Supply the number of lines in the data below that hold "width", and let that number be the whole answer.

*Data items*
----

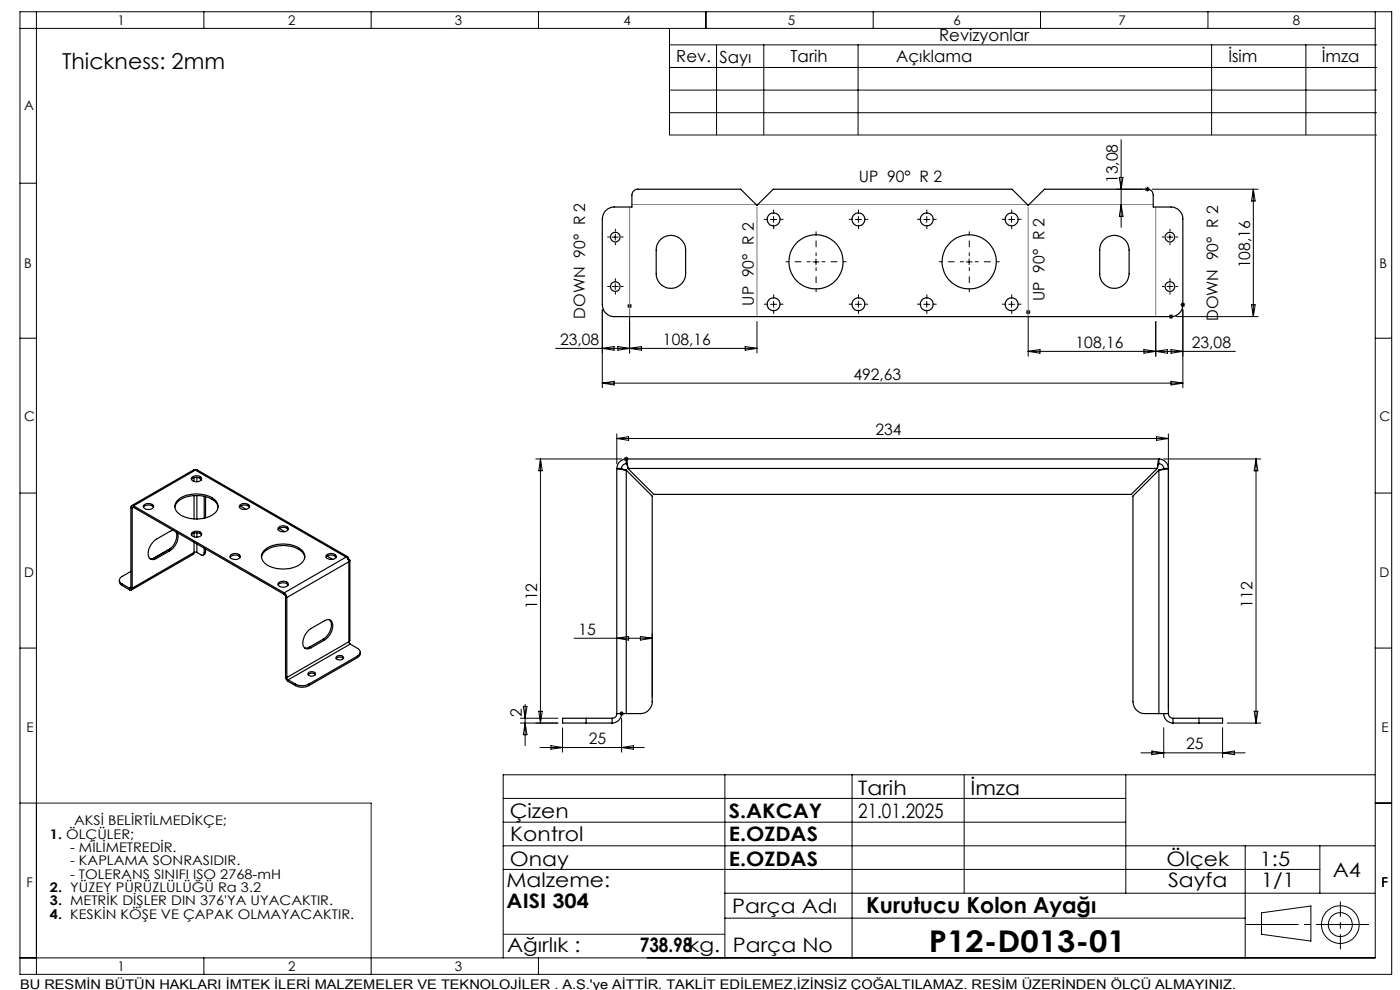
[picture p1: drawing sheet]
<svg xmlns="http://www.w3.org/2000/svg" width="297mm" height="210mm" viewBox="0 0 297 210" stroke-linecap="round" stroke-linejoin="round" font-family="sans-serif">
<g fill="none" stroke="#000" stroke-width=".21">
<path d="M4.2 2.5h291v204.2h-291zM4.2 6h287.5M7.7 2.5v204.2M43.3 2.5v3.5M78.7 2.5v3.5M114.2 2.5v3.5M142 9.5h150M142 6v22.6M142 14.3h150M142 19.1h150M149.8 2.5v3.5M152 9.5v19.1"/>
<path d="M162 9.5v19.1M182 9.5v19.1M185.2 2.5v3.5M220.7 2.5v3.5M256.3 2.5v3.5M257 9.5v19.1M277 9.5v19.1M291.7 2.5v200.7h-287.5M4.2 38.9h3.5M142 23.9h150M237.5 37.6h.7l-.4 2.5zM237.8 29.6v18.6"/>
<path d="M243 39.8l.8 .7M243.4 39.6v1M243.8 39.8l-.8 .7M129.9 50.3h1.3M130.5 49.7v1.2M163.5 46.6h1.2M164.1 45.9v1.3M172.5 55.6h1.2M173.1 54.9v1.3M181.5 46.6h1.2M182.1 45.9v1.3M196 46.6h1.2"/>
<path d="M196.6 45.9v1.3M205 55.6h1.2M205.6 54.9v1.3M214 46.6h1.2M214.6 45.9v1.3M236.9 40.1h5.5M237.8 43.4l.4 2.5h-.7zM242.9 40.1h1M244.4 40.1h22.5M247.6 50.3h1.2M248.2 49.7v1.2M265.9 40.1v27.1"/>
<path d="M265.9 40.1l.4 2.5h-.8zM4.2 71.7h3.5M117.9 73.9h42.7M127.8 65.7v16.6M127.8 73.9l2.5-.4v.8zM129.9 60.8h1.3M130.5 60.2v1.2M131.1 73.5l5 .8v-.8l-5 .8zM133.1 64.9h1M133.2 64.5l.7 .8M133.6 64.4v1M133.6 65.9v9"/>
<path d="M133.9 64.5l-.7 .8M158.1 73.5l2.5 .4-2.5 .4zM160.6 68.2v6.7M163.5 64.5h1.2M164.1 63.9v1.2M181.5 64.5h1.2M182.1 63.9v1.2M196 64.5h1.2M196.6 63.9v1.2M214 64.5h1.2M214.6 63.9v1.2M217.6 66.2h1"/>
<path d="M217.8 65.9l.7 .7M218.1 67.2v8.4M218.1 74.5h44M218.1 74.5l2.5-.4v.8zM218.1 65.7v1M218.5 65.9l-.7 .7M242.7 74.1v.8l5-.8v.8zM245.2 68.2v7.4M247.6 60.8h1.2M247.9 67.2h1.1M248.1 66.8l.7 .7M248.2 60.2v1.2"/>
<path d="M248.4 74.1l2.5 .4-2.5 .4zM248.4 66.7v1M248.8 66.8l-.7 .7M249.4 67.2h17.5M250.4 64.7h1M250.6 64.3l.7 .7M250.9 65.7v16.6M250.9 64.2v.9M251.3 64.3l-.7 .7M265.5 64.7h.8l-.4 2.5zM291.7 71.7h3.5M113.7 97.4h18.2"/>
<path d="M114.7 97.4v56M114.7 97.4l.3 2.5h-.7zM127.8 81.3h123.1M127.8 81.3l2.5-.4v.8zM130.8 92v6.4M130.8 93h117.1M130.8 93l2.6-.4v.8zM132.4 97.4h1M132.5 97l.7 .7M132.9 96.9v1M133.2 97l-.7 .7M245.4 92.6l2.5 .4-2.5 .4z"/>
<path d="M246.9 97.4h20.5M247.9 92v58.4M248.4 80.9l2.5 .4-2.5 .4zM266.5 97.4l.3 2.5h-.7zM266.5 97.4v56M4.2 104.6h3.5M291.7 104.6h3.5M4.2 137.5h3.5M121.8 135.4h16.6M130.8 135.4l2.6-.4v.8zM135.9 135l2.5 .4-2.5 .4zM138.4 134.4v13.5"/>
<path d="M291.7 137.5h3.5M110.4 153.4h8M110.4 152.4h8M111 149.9h.8l-.4 2.5zM111.4 149.4v8.8M111.4 153.4l.4 2.4h-.8zM114.3 150.9h.7l-.3 2.5zM114.5 158.6h22.2M116.9 158.2l2.4 .4-2.4 .3zM119.3 154.4v5.2M131.4 151.4h1M131.5 151l.7 .7"/>
<path d="M131.9 152.4v7.2M131.9 158.6l2.5-.4v.7zM131.9 150.9v1M132.2 151l-.7 .7M242 159.7h22.2M244.4 159.3l2.5 .4-2.5 .4zM246.9 154.4v6.3M259.4 154.4v6.3M259.4 159.7l2.5-.4v.8zM260.3 153.4h7.1M266.1 150.9h.7l-.3 2.5zM4.2 170.3h3.5"/>
<path d="M106.8 179.4h184.8M106.8 169.4h132M106.8 174.4h132M153.8 164.4v38.8M180.8 164.4v38.8M204.5 164.4v25.1M238.8 164.4v25.1M264.2 179.4v23.8M280 179.4v10.1M291.6 164.4h-184.8v38.8M291.7 170.3h3.5M106.8 184.4h173.2"/>
<path d="M153.8 194.8h110.4M153.8 189.5h137.8M267.6 193.6l10.5-1.4v7.4l-10.5-1.4zM43.3 203.2v3.5M78.7 203.2v3.5M114.2 203.2v3.5"/>
<circle cx="284.3" cy="196.1" r="4"/>
<circle cx="284.3" cy="196.1" r="2.54"/>
</g>
<path d="M171.9 55.5h-5.1M173.1 56.8v5.1M173.1 54.3v-5.2M174.4 55.5h5.1M204.4 55.5h-5.1M205.6 56.8v5.1M205.6 54.3v-5.2M206.9 55.5h5.1" fill="none" stroke="#000" stroke-width=".21" stroke-dasharray="15.2 1.3 1.3 1.3" stroke-dashoffset="14.6"/>
<g fill="none" stroke="#000" stroke-width=".21" stroke-dasharray="15.2 1.3 1.3 1.3">
<path d="M129.3 50.3h-.4M130.5 51.5v.4M130.5 49v-.4M130.5 59.5v-.4M131.8 50.3h.4M162.9 46.5h-.8M164.1 47.8v.7M164.1 45.3v-.8M165.4 46.5h.7M180.9 46.5h-.8M182.1 47.8v.7M182.1 45.3v-.8"/>
<path d="M183.4 46.5h.7M195.4 46.5h-.8M196.6 47.8v.7M196.6 45.3v-.8M197.9 46.5h.7M213.4 46.5h-.8M214.6 47.8v.7M214.6 45.3v-.8M215.9 46.5h.7M247 50.3h-.4M248.2 59.5v-.4M248.2 51.5v.4"/>
<path d="M248.2 49v-.4M249.5 50.3h.4M129.3 60.8h-.4M130.5 62v.4M131.8 60.8h.4M162.9 64.5h-.8M164.1 65.8v.7M164.1 63.3v-.8M165.4 64.5h.7M180.9 64.5h-.8M182.1 65.8v.7M182.1 63.3v-.8"/>
<path d="M183.4 64.5h.7M195.4 64.5h-.8M196.6 65.8v.7M196.6 63.3v-.8M197.9 64.5h.7M213.4 64.5h-.8M214.6 65.8v.7M214.6 63.3v-.8M215.9 64.5h.7M247 60.8h-.4M248.2 62v.4M249.5 60.8h.4"/>
</g>
<path d="M290.4 196.1h-26.1" fill="none" stroke="#000" stroke-width=".21" stroke-dasharray="15.2 1.3 1.3 1.3" stroke-dashoffset="4.1"/>
<path d="M284.4 191.3v10" fill="none" stroke="#000" stroke-width=".21" stroke-dasharray="15.2 1.3 1.3 1.3" stroke-dashoffset="12.1"/>
<path d="M142 28.6h150M7.7 170.3h71v32.9M106.8 198.2h47" fill="none" stroke="#191924" stroke-width=".21"/>
<path d="M133.6 43.9v23.3M134.1 43.4h26.3M160.6 43.9v23.3M160.8 43.4h57.1M218.1 43.9v23.3M218.3 43.4h26.4M245.2 43.9v23.3" fill="none" stroke="#808080" stroke-width=".21"/>
<g fill="none" stroke="#000" stroke-width=".25">
<path d="M128.5 44.7a2.72 2.72 0 0 1 1.8-.8h3.8v-2.5a1.26 1.26 0 0 1 1.2-1.3h21.8l3.5 3.5 3.4-3.5h50.7l3.4 3.5 3.5-3.5h21.8a1.21 1.21 0 0 1 1.3 1.3v2.5h3.7a2.53 2.53 0 0 1 2.5 2.5v18.3a2.53 2.53 0 0 1-2.5 2.5h-118.1a2.53 2.53 0 0 1-2.5-2.5v-18.3a2.72 2.72 0 0 1 .7-1.7zM139.9 51a3.1 3.1 0 0 1 3.5-.9 3.1 3.1 0 0 1 2.1 2.9v5.1a3.1 3.1 0 0 1-3.2 3.1 3.1 3.1 0 0 1-3.1-3.1v-5.1a3 3 0 0 1 .7-2zM234 51a3.1 3.1 0 0 1 3.5-.9 3.1 3.1 0 0 1 2 2.9v5.1a3.1 3.1 0 0 1-3.1 3.1 3.1 3.1 0 0 1-3.1-3.1v-5.1a3 3 0 0 1 .7-2zM41.5 99.7h.4l31.9 18.4M41.5 99.7h-.4l-13.2 7.6M41.5 99.7l-13.2 7.6M41.5 99.7l31.9 18.5M130.8 99.4l2.1 .3M130.8 99.4h1.1M130.8 99.4v52M131.9 99.4l1 .3M132.9 99.7l5.5 5.5v43.7a2.53 2.53 0 0 1-2.5 2.5h-3"/>
<path d="M132.9 97.4l.3 2M132.9 98.4l.3 1M132.9 98.4a.96 .96 0 0 0-1 1M132.9 97.4a2.05 2.05 0 0 0-2.1 2M132.9 97.4v1M132.9 99.7v51.7M132.9 97.4h113M133.2 99.4h112.3M133.2 99.4l5.5 5.5h101.3l5.5-5.5M245.9 99.7l-5.6 5.5v43.7a2.53 2.53 0 0 0 2.6 2.5h3M245.9 97.4l-.4 2M245.9 98.4l-.4 1"/>
<path d="M245.9 98.4a1.02 1.02 0 0 1 1 1M245.9 97.4a2.05 2.05 0 0 1 2 2M245.9 97.4v1M245.9 99.7v51.7M246.9 99.4l-1 .3M246.9 99.4h1M247.9 99.4l-2 .3M247.9 99.4v52M27.8 107.6l.2 .2M27.8 107.6v17M28 107.8v17M28.3 107.3a.34 .34 0 0 0-.4 0 .34 .34 0 0 0-.1 .3"/>
<path d="M28.3 107.6h-.1l-.2 .2M28.3 107.3l32 18.5M28.3 107.3v.3M28.3 107.6l32 18.5M28.3 107.6l-.3 .2M30.4 107.6a1.45 1.45 0 0 1 2.2 0M30.6 107.1a1.34 1.34 0 0 1 2 .3 1.31 1.31 0 0 1-2.2 .1zM32.9 118.3l-.5 .2h-.6M32.9 118.3l.3 .2M35.7 116.7l.3 .1M35.7 116.7l-2.8 1.6M36 116.8l-2.8 1.7"/>
<path d="M36.2 116.3l-3.8 2.2M36.8 112.5l-.8 .2-2.8 1.7a3.2 3.2 0 0 0-1.5 4l.6 .3 .9-.2M37.1 107.6a3.3 3.3 0 0 1 2.8-2.3 6.2 6.2 0 0 1 6 1.4l.4 .9M37.4 112.8a3.4 3.4 0 0 1-1.7 3.9M37.6 106.2a6.5 6.5 0 0 1 8.2 0 1.94 1.94 0 0 1-.9 3.1 6.7 6.7 0 0 1-7.3-.6 1.67 1.67 0 0 1 0-2.5zM37.6 113a3.4 3.4 0 0 1-1.6 3.8M40.6 113.5a1.49 1.49 0 0 1 2.2 0M40.6 101.7a1.42 1.42 0 0 1 2.2 0M40.6 113.1a1.42 1.42 0 0 1 2.2 .1 1.14 1.14 0 0 1-1.8 .6l-.4-.4zM40.7 101.2a1.34 1.34 0 0 1 2.1 .4 1.22 1.22 0 0 1-1.1 .6 1.22 1.22 0 0 1-1.1-.7zM41.2 117.2h.6M41.2 117.2l-.2 .4-13.1 7.6"/>
<path d="M41.2 117.2l-13.2 7.6M41.2 101.3v.8M41.2 105.1v5M41.2 113.1v.8M41.2 115.1v2.1M41.8 117.2l.8 .5a.42 .42 0 0 0 .5 0 .42 .42 0 0 0 .2-.4M41.8 101.2v1M41.8 105.1v5M41.8 113v.9M41.8 115.4v1.8M42.4 101.4l.3 .5M42.6 101.5l.1 .3"/>
<path d="M43.3 105.3v4.6M43.3 116.3v1M43.6 117.1l-.1 .4-.4 .2M43.6 117.1l-.3 .2M43.6 105.3v4.5M43.6 116.4v.7M48.8 118.2a1.45 1.45 0 0 1 2.1 0M48.9 117.7a1.37 1.37 0 0 1 2.1 .4 1.31 1.31 0 0 1-2.2 0zM50.8 107.6a1.45 1.45 0 0 1 2.1 0M50.9 107.1a1.33 1.33 0 0 1 2.1 .3 1.31 1.31 0 0 1-2.2 .1zM51 107.3l1.2 .7M55.5 118.2a3.2 3.2 0 0 1 2.8-2.3 6.1 6.1 0 0 1 6 1.5l.4 .8"/>
<path d="M56 116.8a6.5 6.5 0 0 1 8.1 0 1.94 1.94 0 0 1-.8 3.1 7 7 0 0 1-7.1-.4 1.75 1.75 0 0 1-.2-2.7zM59 112.3a1.45 1.45 0 0 1 2.1 0M59.1 111.9a1.34 1.34 0 0 1 2.1 .3 1.22 1.22 0 0 1-1.1 .6 1.22 1.22 0 0 1-1.1-.7zM59.2 112.1l1.2 .7M69.2 118.2a1.45 1.45 0 0 1 2.1 0M69.3 117.7a1.37 1.37 0 0 1 2 .4 1.31 1.31 0 0 1-2.2 0zM69.4 118l1.2 .7M73.4 118.2l.4 .4 .2 .6M73.4 118.2l.4-.1 .1 .4h-.1M73.4 118.2l-13.1 7.6M73.9 118.7l.1-.1 .2 .2-.2 .4M74 119.2l-13.1 7.5"/>
<path d="M74 119.2v16.9M74.2 118.9v17l-.2 .2M25.3 123.1l.1 .6 .5 .5M25.9 124.2l1.6 .9M25.9 123.9v.3M25.9 123.9l1.6 .9M27.5 124.8v.3M27.8 124.6l-.2 .2h-.1M27.8 121.2l-1.9 1.1a.85 .85 0 0 0-.6 .8 .85 .85 0 0 0 .6 .8M27.8 124.6l.2 .2M27.8 124.6l-.3 .2M28 124.8a.35 .35 0 0 1-.1 .3 .35 .35 0 0 1-.4 0"/>
<path d="M59 123.7a1.32 1.32 0 0 1 2.2 .3 1.24 1.24 0 0 1-2.2-.1zM59 124.1a1.38 1.38 0 0 1 2.1 0M60.3 125.8l.3 .2 .3 .7M60.3 126.1l.3 .5M60.3 125.8v.3M60.6 126.6l.3 .1M60.6 126.6v17M60.9 126.7v17M65.7 137.2l-.5 .2h-.6M65.7 137.2l.3 .2M68.5 135.6l.3 .2M68.5 135.6l-2.8 1.6"/>
<path d="M68.8 135.8a3.2 3.2 0 0 0 1.5-4.1l-.6-.3-.4 .1-3.3 1.8a3.4 3.4 0 0 0-1.5 3.9 1.01 1.01 0 0 0 1.5 .2M68.8 135.8l-2.8 1.6M69.9 131.5a2.87 2.87 0 0 1-.9 3.7l-.5 .4M71.3 139.7a1.05 1.05 0 0 1 1.5 0M71.4 139.3a.9 .9 0 0 1 1.5 .3 .95 .95 0 0 1-1.6-.1zM74 136.1l.3 .5M74 136.1l-13.1 7.6M74.3 136.6l1.5 .9a.87 .87 0 0 1 .6 .9 .87 .87 0 0 1-.6 .8M74.3 136.6l-13.2 7.6M75.8 139.2l-10.3 5.9M75.8 139.2v.3M75.8 139.5l-10.3 5.9"/>
<path d="M76.4 138.4v.4l-.6 .7M60.6 143.6l.1 .5 .4 .5M60.6 143.6l.3 .1M60.9 143.7l.2 .5M61.1 144.2l1.6 .9M61.1 144.2v.4M61.1 144.6l1.6 .8M62.7 145.1a3.3 3.3 0 0 0 2.8 0M62.7 145.4a3 3 0 0 0 2.8 0M62.7 145.1v.3M65.4 143.1a1.09 1.09 0 0 1 1.5 0M65.5 145.1v.3"/>
<path d="M65.5 142.6a.83 .83 0 0 1 1.4 .5 .96 .96 0 0 1-1.6-.2zM124.4 152.4h-5.1v1h5.1M124.4 152.4h5.5M124.4 153.4h5.5M124.4 152.4v1M129.9 152.4v1M130.8 151.4h2.1M130.8 151.4a.96 .96 0 0 1-.9 1M131.9 151.4a2.05 2.05 0 0 1-2 2M245.9 151.4h2M246.9 151.4a1.99 1.99 0 0 0 1.9 2M247.9 151.4a.96 .96 0 0 0 .9 1"/>
<path d="M248.8 152.4v1M248.8 152.4h5.6M248.8 153.4h5.6M254.4 152.4h5v1h-5M254.4 152.4v1"/>
<circle cx="130.5" cy="50.3" r="1.01"/>
<circle cx="164.1" cy="46.5" r="1.36"/>
<circle cx="173.1" cy="55.5" r="5.7"/>
<circle cx="182.1" cy="46.5" r="1.36"/>
<circle cx="196.6" cy="46.5" r="1.36"/>
<circle cx="205.6" cy="55.5" r="5.7"/>
<circle cx="214.6" cy="46.5" r="1.36"/>
<circle cx="248.2" cy="50.3" r="1.01"/>
<circle cx="130.5" cy="60.8" r="1.03"/>
<circle cx="164.1" cy="64.5" r="1.37"/>
<circle cx="182.1" cy="64.5" r="1.37"/>
<circle cx="196.6" cy="64.5" r="1.37"/>
<circle cx="214.6" cy="64.5" r="1.37"/>
<circle cx="248.2" cy="60.8" r="1.03"/>
</g>
<text font-size="6.3" x="197" y="201.9">P12-D013-01</text>
<g font-size="4.7">
<text x="13.2" y="14.7">Thickness: 2mm</text>
<text x="183.8" y="193.8">Kurutucu Kolon Ayağı</text>
</g>
<g font-size="4.2">
<text x="108.2" y="173.5">Çizen</text>
<text x="154.6" y="173.5">S.AKCAY</text>
<text x="182.1" y="173.5">21.01.2025</text>
<text x="182.1" y="168.6">Tarih</text>
<text x="205.9" y="168.6">İmza</text>
<text x="108.2" y="178.5">Kontrol</text>
<text x="154.6" y="178.4">E.OZDAS</text>
<text x="108.2" y="183.6">Onay</text>
<text x="154.6" y="183.6">E.OZDAS</text>
<text x="247.5" y="183.8">Ölçek</text>
<text x="267.3" y="183.8">1:5</text>
<text x="282.7" y="185.9">A4</text>
<text x="107.5" y="188.1">Malzeme:</text>
<text x="247.8" y="188.1">Sayfa</text>
<text x="267.5" y="188.1">1/1</text>
<text x="107.5" y="192.6">AISI 304</text>
<text x="155.3" y="193.8">Parça Adı</text>
<text x="107.6" y="201.9">Ağırlık :</text>
<text x="135.7" y="201.9">738.98kg.</text>
<text x="155.5" y="201.9">Parça No</text>
</g>
<g font-size="3.5">
<text x="199.2" y="8.8">Revizyonlar</text>
<text x="143.5" y="13.1">Rev.</text>
<text x="152.6" y="13.4">Sayı</text>
<text x="167.7" y="13.1">Tarih</text>
<text x="190.1" y="13.1">Açıklama</text>
<text x="260.6" y="13.1">İsim</text>
<text x="280.4" y="13.1">İmza</text>
</g>
<g font-size="3.3">
<text x="182.2" y="38.5">UP 90° R 2</text>
<text x="237.1" y="38.9" transform="rotate(-90 237.1 38.9)">13,08</text>
<text x="265.2" y="56.9" transform="rotate(-90 265.2 56.9)">108,16</text>
<text x="159.9" y="64.8" transform="rotate(-90 159.9 64.8)">UP 90° R 2</text>
<text x="221.6" y="63.9" transform="rotate(-90 221.6 63.9)">UP 90° R 2</text>
<text x="124.1" y="67.6" transform="rotate(-90 124.1 67.6)">DOWN 90° R 2</text>
<text x="258.4" y="68.1" transform="rotate(-90 258.4 68.1)">DOWN 90° R 2</text>
<text x="118.8" y="73.2">23,08</text>
<text x="140.6" y="73.2">108,16</text>
<text x="228.2" y="73.8">108,16</text>
<text x="252.8" y="73.8">23,08</text>
<text x="181" y="80.5">492,63</text>
<text x="185.7" y="92.3">234</text>
<text x="114" y="129.2" transform="rotate(-90 114 129.2)">112</text>
<text x="265.7" y="128.9" transform="rotate(-90 265.7 128.9)">112</text>
<text x="122.7" y="134.7">15</text>
<text x="110.7" y="152.2" transform="rotate(-90 110.7 152.2)">2</text>
<text x="124.9" y="157.8">25</text>
<text x="251.6" y="159">25</text>
</g>
<g font-size="2.8">
<text x="25" y="5.3">1</text>
<text x="61.1" y="5.3">2</text>
<text x="96.5" y="5.3">3</text>
<text x="132.3" y="5.3">4</text>
<text x="167.2" y="5.3">5</text>
<text x="202.3" y="5.3">6</text>
<text x="237.3" y="5.3">7</text>
<text x="274.3" y="5.3">8</text>
<text x="5.2" y="23.4">A</text>
<text x="5.2" y="56.8">B</text>
<text x="292.7" y="56.8">B</text>
<text x="5.2" y="89.3">C</text>
<text x="292.7" y="89.3">C</text>
<text x="5.2" y="122.4">D</text>
<text x="292.7" y="122.4">D</text>
<text x="5.6" y="155.3">E</text>
<text x="293.1" y="155.3">E</text>
<text x="10.6" y="177.9">1. ÖLÇÜLER;</text>
<text x="15.7" y="175.1">AKSİ BELİRTİLMEDİKÇE;</text>
<text x="14.9" y="180.7">- MİLİMETREDİR.</text>
<text x="14.9" y="183.6">- KAPLAMA SONRASIDIR.</text>
<text x="5.6" y="188.1">F</text>
<text x="10.6" y="189.2">2. YÜZEY PÜRÜZLÜLÜĞÜ Ra 3.2</text>
<text x="14.9" y="186.4">- TOLERANS SINIFI ISO 2768-mH</text>
<text x="293.1" y="188">F</text>
<text x="10.6" y="192">3. METRİK DİŞLER DIN 376'YA UYACAKTIR.</text>
<text x="10.6" y="194.9">4. KESKİN KÖŞE VE ÇAPAK OLMAYACAKTIR.</text>
<text x="4.3" y="209.8">BU RESMİN BÜTÜN HAKLARI İMTEK İLERİ MALZEMELER VE TEKNOLOJİLER . A.Ş.'ye AİTTİR. TAKLİT EDİLEMEZ,İZİNSİZ ÇOĞALTILAMAZ. RESİM ÜZERİNDEN ÖLÇÜ ALMAYINIZ.</text>
<text x="25" y="206">1</text>
<text x="61.1" y="206">2</text>
<text x="96.5" y="206">3</text>
</g>
</svg>

----

*RESULT BELOW*
9